TASK DESCRIPTION ->
Where does the string "Action" occur in the records? Copy each line that holds it.

INPUT RECORDS ->
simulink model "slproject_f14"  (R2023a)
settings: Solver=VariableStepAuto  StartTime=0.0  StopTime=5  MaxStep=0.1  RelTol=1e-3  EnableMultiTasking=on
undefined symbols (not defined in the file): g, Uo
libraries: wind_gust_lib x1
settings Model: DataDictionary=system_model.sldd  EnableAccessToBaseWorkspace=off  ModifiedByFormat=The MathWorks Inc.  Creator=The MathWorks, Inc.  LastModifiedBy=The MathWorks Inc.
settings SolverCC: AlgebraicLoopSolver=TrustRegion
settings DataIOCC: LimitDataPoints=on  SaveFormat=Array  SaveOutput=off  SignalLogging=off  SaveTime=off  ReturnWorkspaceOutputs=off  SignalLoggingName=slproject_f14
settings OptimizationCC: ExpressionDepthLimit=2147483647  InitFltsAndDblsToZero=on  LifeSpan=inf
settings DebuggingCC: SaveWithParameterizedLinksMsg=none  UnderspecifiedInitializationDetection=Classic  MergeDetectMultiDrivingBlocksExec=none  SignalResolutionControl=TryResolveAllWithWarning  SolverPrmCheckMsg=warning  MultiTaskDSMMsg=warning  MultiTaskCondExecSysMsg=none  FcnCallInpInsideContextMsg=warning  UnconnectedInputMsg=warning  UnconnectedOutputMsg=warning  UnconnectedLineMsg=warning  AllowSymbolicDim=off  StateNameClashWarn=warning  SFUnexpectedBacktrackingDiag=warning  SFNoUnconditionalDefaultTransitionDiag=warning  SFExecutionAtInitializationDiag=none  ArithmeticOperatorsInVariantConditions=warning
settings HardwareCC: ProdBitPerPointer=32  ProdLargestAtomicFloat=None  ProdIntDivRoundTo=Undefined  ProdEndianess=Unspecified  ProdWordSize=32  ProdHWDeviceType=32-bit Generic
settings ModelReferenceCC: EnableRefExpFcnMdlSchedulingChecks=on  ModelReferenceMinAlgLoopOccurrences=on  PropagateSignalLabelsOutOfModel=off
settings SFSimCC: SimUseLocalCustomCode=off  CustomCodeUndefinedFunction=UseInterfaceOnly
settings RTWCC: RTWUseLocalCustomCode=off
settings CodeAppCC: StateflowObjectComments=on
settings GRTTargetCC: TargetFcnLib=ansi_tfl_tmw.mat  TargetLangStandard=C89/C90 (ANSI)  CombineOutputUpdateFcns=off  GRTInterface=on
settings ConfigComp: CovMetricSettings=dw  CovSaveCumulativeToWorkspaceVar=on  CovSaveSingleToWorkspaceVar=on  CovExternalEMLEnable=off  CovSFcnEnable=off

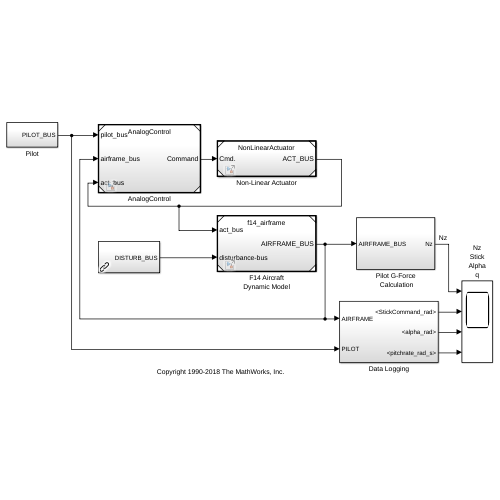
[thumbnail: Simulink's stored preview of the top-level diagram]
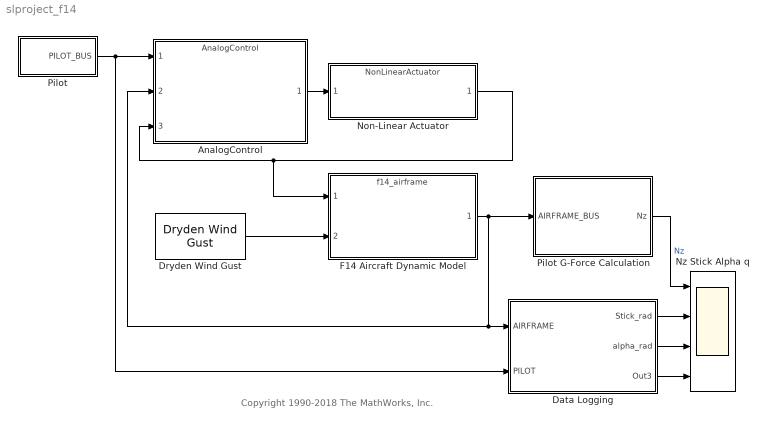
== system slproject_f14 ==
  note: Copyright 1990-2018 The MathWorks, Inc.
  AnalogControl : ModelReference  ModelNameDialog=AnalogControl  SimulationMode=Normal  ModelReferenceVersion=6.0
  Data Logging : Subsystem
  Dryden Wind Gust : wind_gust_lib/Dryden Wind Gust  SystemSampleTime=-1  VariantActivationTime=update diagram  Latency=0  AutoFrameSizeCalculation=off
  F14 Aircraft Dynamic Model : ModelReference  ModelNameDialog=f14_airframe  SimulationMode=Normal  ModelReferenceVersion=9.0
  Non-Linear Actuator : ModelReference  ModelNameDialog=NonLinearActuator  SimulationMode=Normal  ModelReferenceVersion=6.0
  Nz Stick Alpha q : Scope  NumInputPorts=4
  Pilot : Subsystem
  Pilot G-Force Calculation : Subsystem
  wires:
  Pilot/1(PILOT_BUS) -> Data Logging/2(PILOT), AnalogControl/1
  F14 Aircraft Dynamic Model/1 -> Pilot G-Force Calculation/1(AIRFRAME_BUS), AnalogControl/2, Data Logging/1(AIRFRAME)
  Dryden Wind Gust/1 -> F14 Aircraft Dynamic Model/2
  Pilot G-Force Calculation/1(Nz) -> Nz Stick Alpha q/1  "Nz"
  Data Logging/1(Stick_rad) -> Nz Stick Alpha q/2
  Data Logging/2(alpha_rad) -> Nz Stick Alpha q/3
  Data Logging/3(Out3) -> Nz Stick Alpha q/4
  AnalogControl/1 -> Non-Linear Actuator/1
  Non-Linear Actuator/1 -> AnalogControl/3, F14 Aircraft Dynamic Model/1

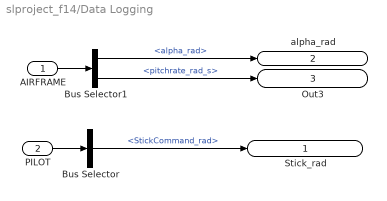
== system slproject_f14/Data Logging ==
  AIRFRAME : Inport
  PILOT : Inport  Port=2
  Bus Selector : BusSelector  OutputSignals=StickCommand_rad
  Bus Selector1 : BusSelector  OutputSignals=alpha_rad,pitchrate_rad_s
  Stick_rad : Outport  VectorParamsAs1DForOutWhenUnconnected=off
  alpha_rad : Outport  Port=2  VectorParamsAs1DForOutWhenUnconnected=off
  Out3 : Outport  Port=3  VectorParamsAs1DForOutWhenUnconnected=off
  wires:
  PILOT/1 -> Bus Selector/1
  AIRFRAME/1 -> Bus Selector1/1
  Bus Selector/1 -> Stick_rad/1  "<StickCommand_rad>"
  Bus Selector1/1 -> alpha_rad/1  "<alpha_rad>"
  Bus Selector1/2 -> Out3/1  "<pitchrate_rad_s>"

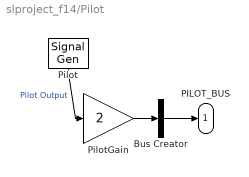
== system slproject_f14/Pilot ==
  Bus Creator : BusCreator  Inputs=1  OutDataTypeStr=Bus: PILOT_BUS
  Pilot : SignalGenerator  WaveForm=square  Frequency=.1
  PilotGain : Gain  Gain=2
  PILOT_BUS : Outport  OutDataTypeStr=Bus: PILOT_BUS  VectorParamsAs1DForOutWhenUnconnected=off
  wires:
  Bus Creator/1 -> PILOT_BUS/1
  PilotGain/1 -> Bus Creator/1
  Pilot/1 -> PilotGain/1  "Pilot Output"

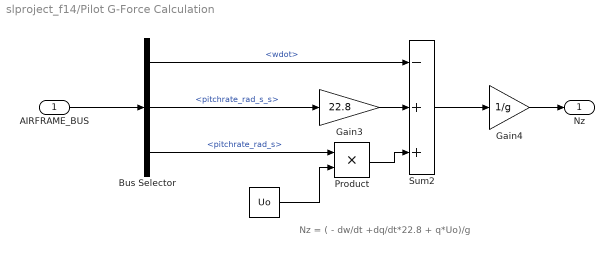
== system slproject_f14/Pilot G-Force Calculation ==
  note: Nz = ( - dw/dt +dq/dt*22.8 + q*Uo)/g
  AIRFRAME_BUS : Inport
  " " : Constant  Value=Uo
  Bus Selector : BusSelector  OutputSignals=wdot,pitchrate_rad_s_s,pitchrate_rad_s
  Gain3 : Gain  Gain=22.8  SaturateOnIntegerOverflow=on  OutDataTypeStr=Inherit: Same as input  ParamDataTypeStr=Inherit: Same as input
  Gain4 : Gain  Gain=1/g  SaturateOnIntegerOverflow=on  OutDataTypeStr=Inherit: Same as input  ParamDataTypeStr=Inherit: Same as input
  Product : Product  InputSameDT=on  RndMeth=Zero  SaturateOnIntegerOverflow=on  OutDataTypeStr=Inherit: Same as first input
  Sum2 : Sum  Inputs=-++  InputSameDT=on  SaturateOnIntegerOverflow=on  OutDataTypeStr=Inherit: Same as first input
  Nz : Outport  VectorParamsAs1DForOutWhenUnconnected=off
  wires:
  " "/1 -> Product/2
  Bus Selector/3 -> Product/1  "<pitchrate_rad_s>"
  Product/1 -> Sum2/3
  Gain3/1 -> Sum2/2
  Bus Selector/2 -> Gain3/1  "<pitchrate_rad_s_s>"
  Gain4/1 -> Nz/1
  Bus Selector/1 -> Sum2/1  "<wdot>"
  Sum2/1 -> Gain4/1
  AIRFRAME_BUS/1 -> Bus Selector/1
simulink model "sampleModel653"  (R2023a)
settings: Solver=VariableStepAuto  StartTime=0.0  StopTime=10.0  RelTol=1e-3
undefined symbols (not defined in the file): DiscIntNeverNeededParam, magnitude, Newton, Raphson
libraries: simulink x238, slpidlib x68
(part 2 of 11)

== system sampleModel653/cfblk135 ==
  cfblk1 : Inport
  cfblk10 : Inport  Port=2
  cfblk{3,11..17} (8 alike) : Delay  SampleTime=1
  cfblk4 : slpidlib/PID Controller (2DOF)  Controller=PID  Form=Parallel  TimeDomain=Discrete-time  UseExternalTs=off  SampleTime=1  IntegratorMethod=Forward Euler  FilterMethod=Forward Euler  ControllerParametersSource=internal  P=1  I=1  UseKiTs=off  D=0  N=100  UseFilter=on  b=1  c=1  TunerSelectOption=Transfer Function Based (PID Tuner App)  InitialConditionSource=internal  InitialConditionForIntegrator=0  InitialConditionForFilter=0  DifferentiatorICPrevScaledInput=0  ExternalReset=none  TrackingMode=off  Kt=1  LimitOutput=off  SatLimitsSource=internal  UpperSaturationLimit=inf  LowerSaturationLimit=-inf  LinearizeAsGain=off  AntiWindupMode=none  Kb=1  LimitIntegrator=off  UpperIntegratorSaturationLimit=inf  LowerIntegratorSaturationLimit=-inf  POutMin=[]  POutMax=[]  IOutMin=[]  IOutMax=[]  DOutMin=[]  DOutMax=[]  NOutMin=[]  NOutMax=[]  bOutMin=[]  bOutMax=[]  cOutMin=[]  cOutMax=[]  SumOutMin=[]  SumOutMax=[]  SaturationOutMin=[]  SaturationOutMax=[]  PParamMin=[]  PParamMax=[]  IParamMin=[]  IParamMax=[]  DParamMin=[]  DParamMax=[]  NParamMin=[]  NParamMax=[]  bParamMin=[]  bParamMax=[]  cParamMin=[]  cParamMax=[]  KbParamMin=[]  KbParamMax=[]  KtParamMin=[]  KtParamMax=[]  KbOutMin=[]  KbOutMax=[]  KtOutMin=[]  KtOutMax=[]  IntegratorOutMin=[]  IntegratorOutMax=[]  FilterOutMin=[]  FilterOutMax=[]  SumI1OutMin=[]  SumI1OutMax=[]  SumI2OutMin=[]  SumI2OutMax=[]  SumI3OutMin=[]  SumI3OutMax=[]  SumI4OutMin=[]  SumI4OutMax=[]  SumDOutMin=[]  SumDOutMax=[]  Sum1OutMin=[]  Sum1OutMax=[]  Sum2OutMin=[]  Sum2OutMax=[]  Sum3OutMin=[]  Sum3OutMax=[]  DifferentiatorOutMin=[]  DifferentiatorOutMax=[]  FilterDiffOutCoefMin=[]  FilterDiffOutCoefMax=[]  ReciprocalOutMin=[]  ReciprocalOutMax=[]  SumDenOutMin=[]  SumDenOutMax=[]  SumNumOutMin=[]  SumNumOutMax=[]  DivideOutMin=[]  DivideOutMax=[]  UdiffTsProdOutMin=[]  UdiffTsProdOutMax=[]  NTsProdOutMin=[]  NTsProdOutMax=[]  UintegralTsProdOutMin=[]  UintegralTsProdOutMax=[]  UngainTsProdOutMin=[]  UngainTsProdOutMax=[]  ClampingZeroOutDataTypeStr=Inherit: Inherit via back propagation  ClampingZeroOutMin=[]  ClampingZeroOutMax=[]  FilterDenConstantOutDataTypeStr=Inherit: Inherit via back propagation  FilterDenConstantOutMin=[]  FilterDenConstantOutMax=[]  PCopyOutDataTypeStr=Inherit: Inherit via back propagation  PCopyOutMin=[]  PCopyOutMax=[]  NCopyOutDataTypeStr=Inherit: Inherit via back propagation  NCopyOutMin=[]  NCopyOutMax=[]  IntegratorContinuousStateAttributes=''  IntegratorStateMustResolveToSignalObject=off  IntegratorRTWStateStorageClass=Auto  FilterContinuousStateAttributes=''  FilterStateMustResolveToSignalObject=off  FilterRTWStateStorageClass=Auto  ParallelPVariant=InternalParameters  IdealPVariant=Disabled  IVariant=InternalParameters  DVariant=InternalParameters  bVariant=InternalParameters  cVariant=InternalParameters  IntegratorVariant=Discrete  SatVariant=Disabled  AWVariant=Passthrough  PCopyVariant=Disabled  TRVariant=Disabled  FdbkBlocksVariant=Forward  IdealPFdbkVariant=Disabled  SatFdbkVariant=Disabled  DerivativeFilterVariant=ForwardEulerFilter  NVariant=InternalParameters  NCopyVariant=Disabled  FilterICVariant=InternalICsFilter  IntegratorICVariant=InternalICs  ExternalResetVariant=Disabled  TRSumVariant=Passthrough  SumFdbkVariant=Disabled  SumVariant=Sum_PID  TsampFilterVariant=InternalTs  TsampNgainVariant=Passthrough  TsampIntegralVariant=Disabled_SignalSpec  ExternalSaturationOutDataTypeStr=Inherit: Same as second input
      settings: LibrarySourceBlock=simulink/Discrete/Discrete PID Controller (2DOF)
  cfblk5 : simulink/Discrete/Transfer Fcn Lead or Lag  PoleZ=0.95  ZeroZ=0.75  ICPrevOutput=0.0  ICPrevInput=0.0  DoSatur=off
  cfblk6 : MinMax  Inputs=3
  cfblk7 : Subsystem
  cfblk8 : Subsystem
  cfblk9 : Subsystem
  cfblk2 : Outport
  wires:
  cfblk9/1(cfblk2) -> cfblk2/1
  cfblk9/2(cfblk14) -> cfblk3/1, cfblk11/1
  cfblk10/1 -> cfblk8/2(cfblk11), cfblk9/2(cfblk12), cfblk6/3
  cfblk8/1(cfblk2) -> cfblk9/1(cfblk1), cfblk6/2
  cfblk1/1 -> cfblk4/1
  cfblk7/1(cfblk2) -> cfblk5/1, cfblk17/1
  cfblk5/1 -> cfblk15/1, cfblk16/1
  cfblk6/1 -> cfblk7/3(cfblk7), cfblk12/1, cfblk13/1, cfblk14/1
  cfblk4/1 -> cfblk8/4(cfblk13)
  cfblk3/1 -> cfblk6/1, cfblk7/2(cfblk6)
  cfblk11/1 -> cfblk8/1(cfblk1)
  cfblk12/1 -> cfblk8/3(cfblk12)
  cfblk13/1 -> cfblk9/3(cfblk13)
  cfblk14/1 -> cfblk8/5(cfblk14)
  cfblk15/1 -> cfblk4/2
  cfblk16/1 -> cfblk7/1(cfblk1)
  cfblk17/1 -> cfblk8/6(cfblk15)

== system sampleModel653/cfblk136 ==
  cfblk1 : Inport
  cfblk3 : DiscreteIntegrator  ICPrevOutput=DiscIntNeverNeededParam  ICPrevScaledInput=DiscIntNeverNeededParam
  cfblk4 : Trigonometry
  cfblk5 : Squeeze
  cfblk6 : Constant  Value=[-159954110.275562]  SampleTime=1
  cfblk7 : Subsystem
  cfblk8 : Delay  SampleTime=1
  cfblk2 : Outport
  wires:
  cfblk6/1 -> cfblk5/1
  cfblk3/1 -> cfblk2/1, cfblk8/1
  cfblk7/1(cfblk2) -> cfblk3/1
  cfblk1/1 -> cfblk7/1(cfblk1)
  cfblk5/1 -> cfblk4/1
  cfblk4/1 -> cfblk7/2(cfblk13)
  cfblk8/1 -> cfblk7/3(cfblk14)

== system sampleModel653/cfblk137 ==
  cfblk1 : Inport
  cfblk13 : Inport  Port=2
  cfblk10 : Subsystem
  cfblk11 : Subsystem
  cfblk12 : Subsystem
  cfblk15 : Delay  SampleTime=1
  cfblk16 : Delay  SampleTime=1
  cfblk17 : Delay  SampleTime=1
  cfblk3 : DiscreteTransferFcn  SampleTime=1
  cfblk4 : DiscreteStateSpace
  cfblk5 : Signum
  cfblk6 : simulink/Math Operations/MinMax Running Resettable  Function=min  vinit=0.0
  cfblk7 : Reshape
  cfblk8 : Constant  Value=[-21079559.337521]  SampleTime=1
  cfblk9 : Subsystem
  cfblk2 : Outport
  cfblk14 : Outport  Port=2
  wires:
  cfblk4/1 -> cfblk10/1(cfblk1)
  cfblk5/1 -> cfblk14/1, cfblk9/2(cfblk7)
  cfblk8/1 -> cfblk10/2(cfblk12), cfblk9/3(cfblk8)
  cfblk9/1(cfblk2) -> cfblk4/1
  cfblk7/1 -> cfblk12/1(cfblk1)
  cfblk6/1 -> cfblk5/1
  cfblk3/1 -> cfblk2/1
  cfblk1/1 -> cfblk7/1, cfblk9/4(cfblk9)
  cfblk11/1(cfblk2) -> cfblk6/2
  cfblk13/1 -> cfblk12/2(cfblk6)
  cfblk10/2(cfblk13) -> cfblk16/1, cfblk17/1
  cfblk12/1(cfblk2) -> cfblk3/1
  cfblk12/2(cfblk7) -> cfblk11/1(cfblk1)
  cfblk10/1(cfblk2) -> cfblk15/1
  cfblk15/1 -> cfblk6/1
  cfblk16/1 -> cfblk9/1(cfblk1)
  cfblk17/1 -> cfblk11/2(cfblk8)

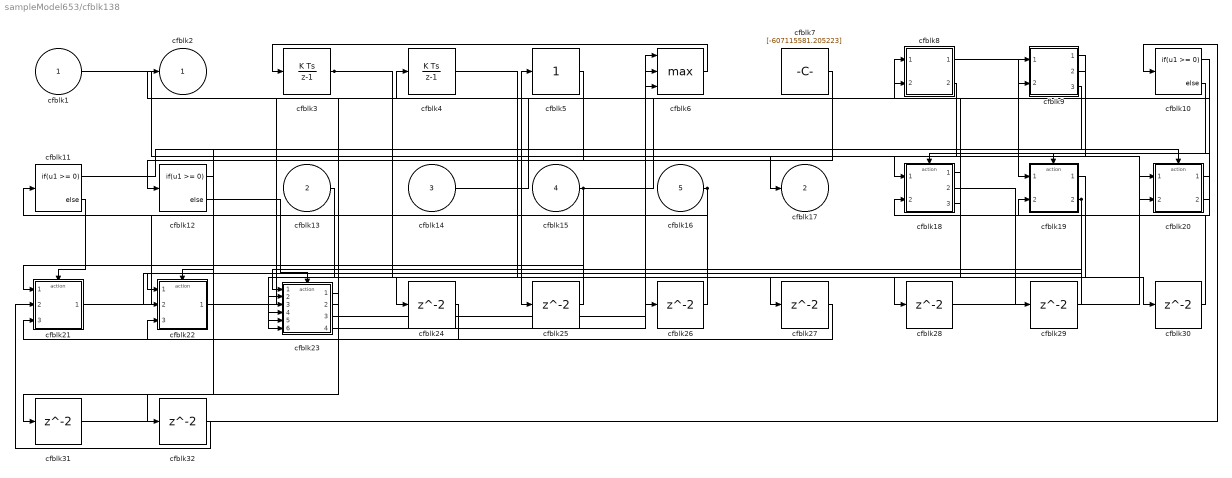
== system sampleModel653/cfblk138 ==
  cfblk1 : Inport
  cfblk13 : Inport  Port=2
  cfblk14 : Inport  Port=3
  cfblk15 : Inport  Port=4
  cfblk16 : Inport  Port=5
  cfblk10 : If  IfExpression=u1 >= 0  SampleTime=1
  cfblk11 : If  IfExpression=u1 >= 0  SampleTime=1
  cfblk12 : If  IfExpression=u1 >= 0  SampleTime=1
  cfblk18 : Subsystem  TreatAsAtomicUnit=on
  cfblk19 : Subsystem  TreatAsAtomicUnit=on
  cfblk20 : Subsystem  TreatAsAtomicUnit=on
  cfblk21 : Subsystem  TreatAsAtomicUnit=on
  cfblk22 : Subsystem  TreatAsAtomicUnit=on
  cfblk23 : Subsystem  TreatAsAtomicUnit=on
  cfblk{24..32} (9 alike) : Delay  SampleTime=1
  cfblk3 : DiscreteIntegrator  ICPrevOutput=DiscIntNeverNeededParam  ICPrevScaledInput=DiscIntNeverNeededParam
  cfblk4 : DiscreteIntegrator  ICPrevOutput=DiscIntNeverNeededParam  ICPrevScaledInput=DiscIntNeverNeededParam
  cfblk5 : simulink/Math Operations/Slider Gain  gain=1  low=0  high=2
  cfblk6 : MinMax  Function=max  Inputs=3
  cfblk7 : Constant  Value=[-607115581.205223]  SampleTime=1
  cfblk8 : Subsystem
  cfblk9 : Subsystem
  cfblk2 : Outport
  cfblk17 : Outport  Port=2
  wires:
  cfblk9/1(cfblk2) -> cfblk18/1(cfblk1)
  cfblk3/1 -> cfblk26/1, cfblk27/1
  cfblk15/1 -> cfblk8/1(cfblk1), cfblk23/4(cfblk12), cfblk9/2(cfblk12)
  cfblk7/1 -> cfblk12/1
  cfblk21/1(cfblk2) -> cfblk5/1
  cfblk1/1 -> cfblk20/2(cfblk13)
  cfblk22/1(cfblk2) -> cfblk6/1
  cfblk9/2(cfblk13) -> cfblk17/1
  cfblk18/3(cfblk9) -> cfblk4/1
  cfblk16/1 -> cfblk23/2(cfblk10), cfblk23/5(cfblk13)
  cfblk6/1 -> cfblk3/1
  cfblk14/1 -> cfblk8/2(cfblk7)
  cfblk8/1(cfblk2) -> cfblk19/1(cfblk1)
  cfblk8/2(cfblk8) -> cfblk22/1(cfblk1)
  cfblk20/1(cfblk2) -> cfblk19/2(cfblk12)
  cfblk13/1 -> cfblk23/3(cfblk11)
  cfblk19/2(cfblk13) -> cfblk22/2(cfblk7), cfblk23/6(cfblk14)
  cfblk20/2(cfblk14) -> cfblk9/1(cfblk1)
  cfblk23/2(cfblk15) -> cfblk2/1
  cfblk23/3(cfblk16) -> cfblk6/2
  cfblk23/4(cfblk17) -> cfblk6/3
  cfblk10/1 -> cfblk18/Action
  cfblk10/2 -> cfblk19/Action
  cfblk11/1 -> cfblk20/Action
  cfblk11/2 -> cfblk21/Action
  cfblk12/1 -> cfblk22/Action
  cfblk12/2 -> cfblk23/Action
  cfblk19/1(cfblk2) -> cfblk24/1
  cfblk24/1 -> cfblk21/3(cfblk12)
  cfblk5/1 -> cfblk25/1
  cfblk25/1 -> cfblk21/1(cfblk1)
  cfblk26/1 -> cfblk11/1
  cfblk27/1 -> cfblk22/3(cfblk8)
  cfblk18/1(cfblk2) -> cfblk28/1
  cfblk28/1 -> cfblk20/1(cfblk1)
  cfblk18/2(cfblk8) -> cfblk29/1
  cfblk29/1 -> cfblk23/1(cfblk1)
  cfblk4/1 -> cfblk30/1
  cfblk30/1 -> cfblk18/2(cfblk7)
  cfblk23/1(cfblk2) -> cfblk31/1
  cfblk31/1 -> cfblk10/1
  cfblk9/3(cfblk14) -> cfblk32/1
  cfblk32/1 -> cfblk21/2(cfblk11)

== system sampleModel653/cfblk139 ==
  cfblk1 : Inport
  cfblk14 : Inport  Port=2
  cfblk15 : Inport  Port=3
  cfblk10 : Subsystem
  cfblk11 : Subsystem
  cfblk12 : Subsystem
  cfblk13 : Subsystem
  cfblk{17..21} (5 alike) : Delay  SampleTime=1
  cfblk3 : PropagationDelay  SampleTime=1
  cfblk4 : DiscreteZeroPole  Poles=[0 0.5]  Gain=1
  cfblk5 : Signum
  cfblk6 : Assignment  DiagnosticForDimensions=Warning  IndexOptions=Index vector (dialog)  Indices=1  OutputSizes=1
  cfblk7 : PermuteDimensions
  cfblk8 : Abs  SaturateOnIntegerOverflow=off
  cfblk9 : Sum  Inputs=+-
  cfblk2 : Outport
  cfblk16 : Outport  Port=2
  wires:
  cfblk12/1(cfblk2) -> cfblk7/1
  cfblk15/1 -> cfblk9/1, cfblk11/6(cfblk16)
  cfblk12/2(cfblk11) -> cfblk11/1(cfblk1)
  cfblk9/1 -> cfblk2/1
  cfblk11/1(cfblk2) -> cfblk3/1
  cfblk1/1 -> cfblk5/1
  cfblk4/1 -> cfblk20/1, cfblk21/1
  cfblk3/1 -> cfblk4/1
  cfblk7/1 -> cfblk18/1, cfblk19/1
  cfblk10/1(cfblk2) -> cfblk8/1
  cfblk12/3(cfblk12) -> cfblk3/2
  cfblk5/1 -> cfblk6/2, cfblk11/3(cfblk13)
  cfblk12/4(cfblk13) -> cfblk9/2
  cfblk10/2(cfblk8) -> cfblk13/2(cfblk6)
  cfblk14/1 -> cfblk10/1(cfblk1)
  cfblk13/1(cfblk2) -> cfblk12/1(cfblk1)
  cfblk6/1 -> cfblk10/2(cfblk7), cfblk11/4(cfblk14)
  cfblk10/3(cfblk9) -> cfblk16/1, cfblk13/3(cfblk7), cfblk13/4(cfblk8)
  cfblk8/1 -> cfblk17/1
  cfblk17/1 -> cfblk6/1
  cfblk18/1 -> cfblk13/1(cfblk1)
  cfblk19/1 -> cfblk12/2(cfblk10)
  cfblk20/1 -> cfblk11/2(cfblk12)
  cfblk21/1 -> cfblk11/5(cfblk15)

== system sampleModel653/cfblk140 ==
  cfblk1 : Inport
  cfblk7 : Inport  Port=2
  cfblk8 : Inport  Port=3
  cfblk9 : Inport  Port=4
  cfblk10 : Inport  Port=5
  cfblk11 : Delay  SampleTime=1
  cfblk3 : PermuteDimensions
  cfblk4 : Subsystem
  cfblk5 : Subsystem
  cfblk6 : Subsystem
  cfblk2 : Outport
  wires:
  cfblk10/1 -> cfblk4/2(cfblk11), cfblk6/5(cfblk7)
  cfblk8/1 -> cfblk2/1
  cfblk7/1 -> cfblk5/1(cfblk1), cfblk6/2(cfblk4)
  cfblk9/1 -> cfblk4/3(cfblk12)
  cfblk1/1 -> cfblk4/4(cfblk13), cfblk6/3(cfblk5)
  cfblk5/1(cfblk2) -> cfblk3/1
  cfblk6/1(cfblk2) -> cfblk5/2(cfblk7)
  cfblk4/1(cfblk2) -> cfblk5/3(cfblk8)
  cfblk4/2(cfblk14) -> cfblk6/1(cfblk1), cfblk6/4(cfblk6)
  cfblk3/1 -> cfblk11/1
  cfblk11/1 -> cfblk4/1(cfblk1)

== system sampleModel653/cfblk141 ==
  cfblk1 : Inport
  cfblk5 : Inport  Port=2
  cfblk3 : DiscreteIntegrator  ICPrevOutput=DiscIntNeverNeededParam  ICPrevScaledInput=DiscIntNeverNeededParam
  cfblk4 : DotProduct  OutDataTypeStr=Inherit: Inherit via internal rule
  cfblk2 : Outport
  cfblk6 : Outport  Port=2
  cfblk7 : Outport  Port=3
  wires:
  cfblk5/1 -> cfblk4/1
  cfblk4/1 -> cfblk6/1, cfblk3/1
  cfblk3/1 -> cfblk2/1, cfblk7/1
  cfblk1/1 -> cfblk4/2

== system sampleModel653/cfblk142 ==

RESULT BELOW ->
  cfblk10/1 -> cfblk18/Action
  cfblk10/2 -> cfblk19/Action
  cfblk11/1 -> cfblk20/Action
  cfblk11/2 -> cfblk21/Action
  cfblk12/1 -> cfblk22/Action
  cfblk12/2 -> cfblk23/Action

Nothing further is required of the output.